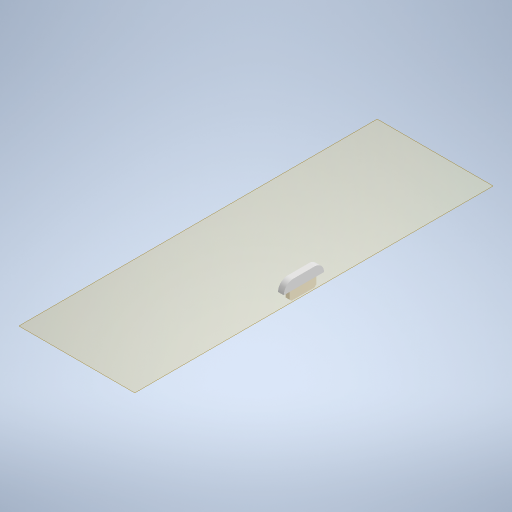
# Autodesk Inventor part: zatic
Saved by Autodesk Inventor 2024 (Build 280153000, 153)
## iProperties
Created: 2023-09-16
Part Number: zatic
Material: Generic
Document SubType Name: Modeling
Designer: jebes windows
Density: 1 g/cm^3
Appearance: Default
Author: jebes windows
Autodesk Inventor part; units mm, degrees
ref_plane "YZ Plane" through (0, 0, 0) normal (1, 0, 0) x (0, 1, 0)
ref_plane "XZ Plane" through (0, 0, 0) normal (0, 1, 0) x (-1, 0, 0)
ref_plane "XY Plane" through (0, 0, 0) normal (0, 0, 1) x (1, 0, 0)
ref_plane "Work Plane1" through (0, 0, 0) normal (0, 0, 1) x (1, 0, 0)
sketch "Sketch1" plane through (0, 0, 0) normal (0, 0, 1) x (1, 0, 0)
  line L0 (94.5, 7.5) -> (97.5, 7.5) projected
  line L1 (97.5, 7.5) -> (97.5, -7.5) projected
  line L2 (97.5, -7.5) -> (94.5, -7.5) projected
  line L3 (94.5, -7.5) -> (94.5, 7.5) projected
  line L4 (45, -80) -> (45, 63.0557) projected
  line L5 (90, -80) -> (45, -80) projected
  line L6 (90, -80) -> (90, -85) projected
  arc A0 (90, -85) -> (100, -75) centre (90, -75) ccw projected
  line L7 (100, -75) -> (100, 75) projected
  arc A1 (100, 75) -> (90, 85) centre (90, 75) ccw projected
  line L8 (90, 85) -> (90, 80) projected
  line L9 (61.9443, 80) -> (90, 80) projected
  arc A2 (45, 63.0557) -> (61.9443, 80) centre (53, 72) ccw projected
  line L10 (97.5, -7.5) -> (97.5, -10.5)
  line L11 (97.5, -10.5) -> (94.5, -10.5)
  line L12 (94.5, -10.5) -> (94.5, -7.5)
  line L13 (94.5, 7.5) -> (94.5, 10.5)
  line L14 (94.5, 10.5) -> (97.5, 10.5)
  line L15 (97.5, 10.5) -> (97.5, 7.5)
  point P0 (0, 0)
  dimension "d0" = 3
  dimension "d1" = 3
  constraints: 12 end point, 4 perpendicular, 2 vertical
  measures "d0" distance of L1.end L10.end
  measures "d1" distance of L0.start L13.end
extrude "Extrusion1" add sketch "Sketch1" along normal blind 5 contours L13 L14 L15 L0 | L0 L1 L2 L3 | L2 L10 L11 L12
sketch "Sketch2" plane through (0, 0, 0) normal (0, 0, -1) x (-1, 0, 0)
  line L0 (-97.5, 7.5) -> (-94.5, 7.5) projected
  line L1 (-94.5, 7.5) -> (-94.5, -7.5) projected
  line L2 (-94.5, -7.5) -> (-97.5, -7.5) projected
  line L3 (-97.5, -7.5) -> (-97.5, 7.5) projected
  circle A0 centre (-53, 72) radius 10 projected
  circle A1 centre (-20, 0) radius 10 projected
  arc A2 (100, 75) -> (90, 85) centre (90, 75) ccw projected
  line L4 (-90, 85) -> (90, 85) projected
  arc A3 (-90, 85) -> (-100, 75) centre (-90, 75) ccw projected
  line L5 (-100, -75) -> (-100, 75) projected
  arc A4 (-100, -75) -> (-90, -85) centre (-90, -75) ccw projected
  line L6 (90, -85) -> (-90, -85) projected
  arc A5 (90, -85) -> (100, -75) centre (90, -75) ccw projected
  line L7 (100, 75) -> (100, -75) projected
  line L8 (-95, -7) -> (-95, 7)
  line L9 (-95, 7) -> (-97, 7)
  line L10 (-97, 7) -> (-97, -7)
  line L11 (-97, -7) -> (-95, -7)
  point P0 (0, 0)
  dimension "d4" = 0.5
  constraints: 8 end point, 3 other
  measures "d4" distance between parallel lines of L1 L8
ref_plane "Work Plane2" through (-147.9274, -141.3852, -5) normal (0, 0, -1) x (0, 1, 0)
extrude "Extrusion2" add sketch "Sketch2" along normal up to surface (5 mm away) contours L11 L10 L9 L8
fillet "Fillet1" radius 5 2 edges at (96, 10.5, 5) (96, -10.5, 5)
chamfer "Chamfer1" distance 1 angle 45 2 edges at (96, 7, -5) (96, -7, -5)
body "Solid1"

* * *

◆ **Work item**
What are the lines from the one containing "line L3 (-97.5, -7.5)" to the end of the material above? Return them exactly, and only them.

◆ **Expected answer**
  line L3 (-97.5, -7.5) -> (-97.5, 7.5) projected
  circle A0 centre (-53, 72) radius 10 projected
  circle A1 centre (-20, 0) radius 10 projected
  arc A2 (100, 75) -> (90, 85) centre (90, 75) ccw projected
  line L4 (-90, 85) -> (90, 85) projected
  arc A3 (-90, 85) -> (-100, 75) centre (-90, 75) ccw projected
  line L5 (-100, -75) -> (-100, 75) projected
  arc A4 (-100, -75) -> (-90, -85) centre (-90, -75) ccw projected
  line L6 (90, -85) -> (-90, -85) projected
  arc A5 (90, -85) -> (100, -75) centre (90, -75) ccw projected
  line L7 (100, 75) -> (100, -75) projected
  line L8 (-95, -7) -> (-95, 7)
  line L9 (-95, 7) -> (-97, 7)
  line L10 (-97, 7) -> (-97, -7)
  line L11 (-97, -7) -> (-95, -7)
  point P0 (0, 0)
  dimension "d4" = 0.5
  constraints: 8 end point, 3 other
  measures "d4" distance between parallel lines of L1 L8
ref_plane "Work Plane2" through (-147.9274, -141.3852, -5) normal (0, 0, -1) x (0, 1, 0)
extrude "Extrusion2" add sketch "Sketch2" along normal up to surface (5 mm away) contours L11 L10 L9 L8
fillet "Fillet1" radius 5 2 edges at (96, 10.5, 5) (96, -10.5, 5)
chamfer "Chamfer1" distance 1 angle 45 2 edges at (96, 7, -5) (96, -7, -5)
body "Solid1"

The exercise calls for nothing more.